I'm given the following problem:
$\text{Examine}\ z=f(x;y)=x^4+y^4+18xy-9x^2-9y^2+1\text{ for extrema and saddle points.}$
It is trivial to find $\nabla f=(4x^3+18y-18x; 4y^3+18x-18y)$ and the critical points are $P_0(0,0), P_1(3,-3)\text{ and }P_2(-3,3)$.
Also the determinant of the Hessian matrix is easily found (details not included): $$\text{det}(H)=72(2x^2y^2-3x^2-3y^2)$$
Evaluating $\text{det}(H)$ for $P_1$ and $P_2$ gives positive values so there are extrema in these points. Furthermore $f''_{xx}>0$ so these are both minima.
For $P_0$ the determinant is $0$. In our class it was said that in these cases "further investigation is needed", but noone provided me with any information about this "further investigation". In internet I also found nothing.
I plotted the graph of $z=x^4+y^4+18xy-9x^2-9y^2+1$ in GeoGebra and it turned out that in $P_0$ there is a saddle point. But I want to find out how can one analytically determine what to further do when $\text{det}(H)=0$
When in a single-variable calculus $f'(x)=f''(x)=0$, I keep differentiating $f$ until I get a non-zero derivative.
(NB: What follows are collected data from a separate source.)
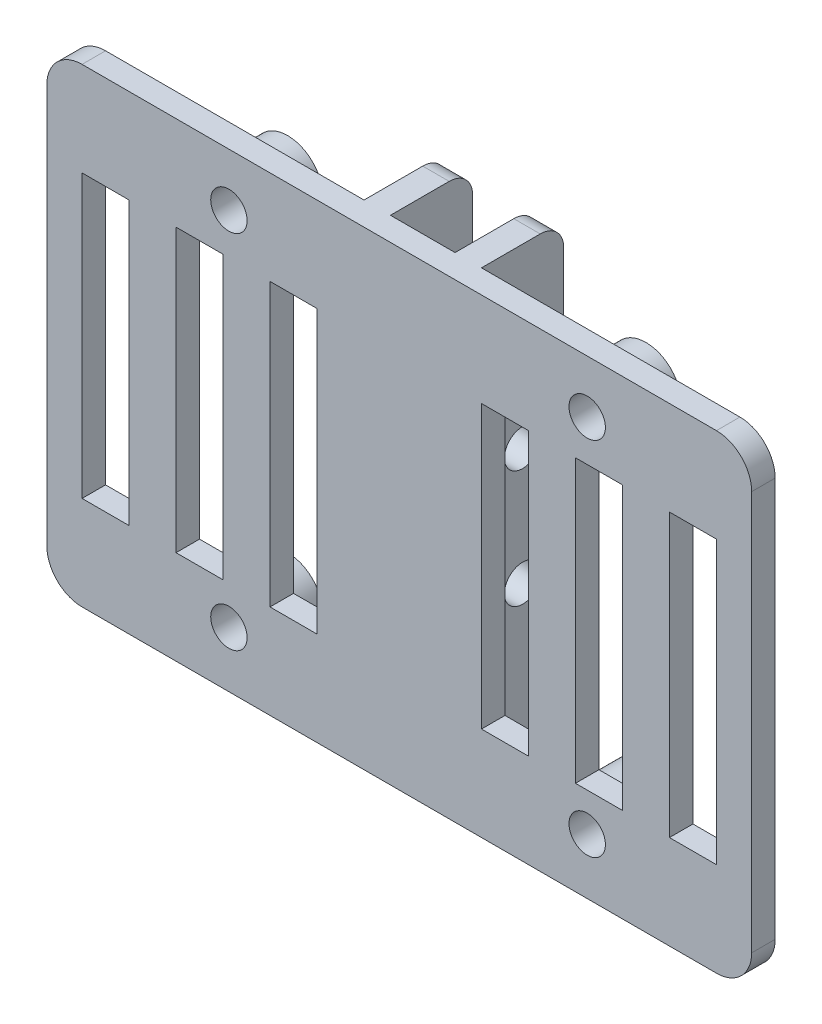
from build123d import *

# Parameters (mm, degrees)
ESQUISSE1_W                  = 60
ESQUISSE1_H                  = 40
BOSS_EXTRU_1_DEPTH           = 9
ESQUISSE2_W                  = 25
ESQUISSE2_H                  = 40
ESQUISSE2_W_2                = 5.5
ENL_V_MAT_EXTRU_1_DEPTH      = 7
ESQUISSE3_R                  = 1.55
ENL_V_MAT_EXTRU_2_DEPTH      = 36
CONG_1_R                     = 3
ESQUISSE9_R                  = 3
BOSS_EXTRU_2_DEPTH           = 3
ESQUISSE5_R                  = 1.55
ENL_V_MAT_EXTRU_4_DEPTH      = 8
ENL_V_MAT_EXTRU_4_DEPTH_BACK = 3
ESQUISSE8_W                  = 4
ESQUISSE8_H                  = 24
ENL_V_MAT_EXTRU_5_DEPTH      = 7
ESQUISSE6_W                  = 4
ESQUISSE6_H                  = 24
ENL_V_MAT_EXTRU_6_DEPTH      = 7
CONG_2_R                     = 2


with BuildPart() as part:
    # Esquisse1 → Boss.-Extru.1 (new body)
    with BuildSketch(Plane.XY):
        with Locations((30, 20)):
            Rectangle(ESQUISSE1_W, ESQUISSE1_H)
    extrude(amount=BOSS_EXTRU_1_DEPTH)

    # Esquisse2 → Enlèv. mat.-Extru.1 (cut)
    with BuildSketch(Plane(origin=(0, 0, 0), x_dir=(-1, 0, 0), z_dir=(0, 0, -1))):
        with Locations((-12.5, 20)):
            Rectangle(ESQUISSE2_W, ESQUISSE2_H)
        with Locations((-47.5, 20)):
            Rectangle(ESQUISSE2_W, ESQUISSE2_H)
        with Locations((-30, 20)):
            Rectangle(ESQUISSE2_W_2, ESQUISSE2_H)
    extrude(amount=-ENL_V_MAT_EXTRU_1_DEPTH, mode=Mode.SUBTRACT)

    # Esquisse3 → Enlèv. mat.-Extru.2 (cut, through all)
    with BuildSketch(Plane(origin=(35, 0, 0), x_dir=(0, 0, -1), z_dir=(1, 0, 0))):
        with Locations((-3.5, 15)):
            Circle(ESQUISSE3_R)
        with Locations((-3.5, 25)):
            Circle(ESQUISSE3_R)
    extrude(amount=-ENL_V_MAT_EXTRU_2_DEPTH, mode=Mode.SUBTRACT)

    # Congé1
    cong_1_edges = [part.edges().sort_by_distance(p)[0] for p in [
        (0, 40, 8),
        (60, 40, 8),
        (60, 0, 8),
        (0, 0, 8),
    ]]
    fillet(cong_1_edges, radius=CONG_1_R)

    # Esquisse9 → Boss.-Extru.2 (add)
    with BuildSketch(Plane(origin=(0, 0, 7), x_dir=(-1, 0, 0), z_dir=(0, 0, -1))):
        with Locations((-46, 35.5)):
            Circle(ESQUISSE9_R)
        with Locations((-15.5, 35.5)):
            Circle(ESQUISSE9_R)
        with Locations((-15.5, 4.75)):
            Circle(ESQUISSE9_R)
        with Locations((-46, 4.75)):
            Circle(ESQUISSE9_R)
    extrude(amount=BOSS_EXTRU_2_DEPTH)

    # Esquisse5 → Enlèv. mat.-Extru.4 (cut, two sides)
    with BuildSketch(Plane(origin=(0, 0, 7), x_dir=(-1, 0, 0), z_dir=(0, 0, -1))) as enl_v_mat_extru_4_sk:
        with Locations((-46, 35.5)):
            Circle(ESQUISSE5_R)
        with Locations((-46, 4.75)):
            Circle(ESQUISSE5_R)
        with Locations((-15.5, 4.75)):
            Circle(ESQUISSE5_R)
        with Locations((-15.5, 35.5)):
            Circle(ESQUISSE5_R)
    extrude(amount=ENL_V_MAT_EXTRU_4_DEPTH, mode=Mode.SUBTRACT)
    extrude(enl_v_mat_extru_4_sk.sketch, amount=-ENL_V_MAT_EXTRU_4_DEPTH_BACK, mode=Mode.SUBTRACT)

    # Esquisse8 → Enlèv. mat.-Extru.5 (cut)
    with BuildSketch(Plane(origin=(0, 0, 7), x_dir=(-1, 0, 0), z_dir=(0, 0, -1))):
        with Locations((-13, 20)):
            Rectangle(ESQUISSE8_W, ESQUISSE8_H)
        with Locations((-5, 20)):
            Rectangle(ESQUISSE8_W, ESQUISSE8_H)
        with Locations((-21, 20)):
            Rectangle(ESQUISSE8_W, ESQUISSE8_H)
    extrude(amount=-ENL_V_MAT_EXTRU_5_DEPTH, mode=Mode.SUBTRACT)

    # Esquisse6 → Enlèv. mat.-Extru.6 (cut)
    with BuildSketch(Plane(origin=(0, 0, 7), x_dir=(-1, 0, 0), z_dir=(0, 0, -1))):
        with Locations((-47, 20)):
            Rectangle(ESQUISSE6_W, ESQUISSE6_H)
        with Locations((-55, 20)):
            Rectangle(ESQUISSE6_W, ESQUISSE6_H)
        with Locations((-39, 20)):
            Rectangle(ESQUISSE6_W, ESQUISSE6_H)
    extrude(amount=-ENL_V_MAT_EXTRU_6_DEPTH, mode=Mode.SUBTRACT)

    # Congé2
    cong_2_edges = [part.edges().sort_by_distance(p)[0] for p in [
        (33.875, 40, 0),
        (26.125, 40, 0),
        (26.125, 0, 0),
        (33.875, 0, 0),
    ]]
    fillet(cong_2_edges, radius=CONG_2_R)


solid = part.part

And if the first non-zero derivative is of odd order (i.e. $f^{(3)}, f^{(5)}$ and so on), I know the function has an inflection point; when it is of even order, there is an extremum, whose kind depends on the sign of this non-zero derivative.
And so I'm stuck with this problem. I'm not explicitly asked to find what is there in $P_0(0,0)$, but I want to learn how to tackle such problems. Any help will be appreciated. Thanks in advance!
$\textbf{Edit:}$ The answer by @Robert Z is very helpful, but I find it a bit of a guess-and-check method. And if at $P_0(0,0)$ there was an extremum, it wouldn't work out because we can't check all lines, passing through $P_0$. Any suggestions for the case where there would be an extremum?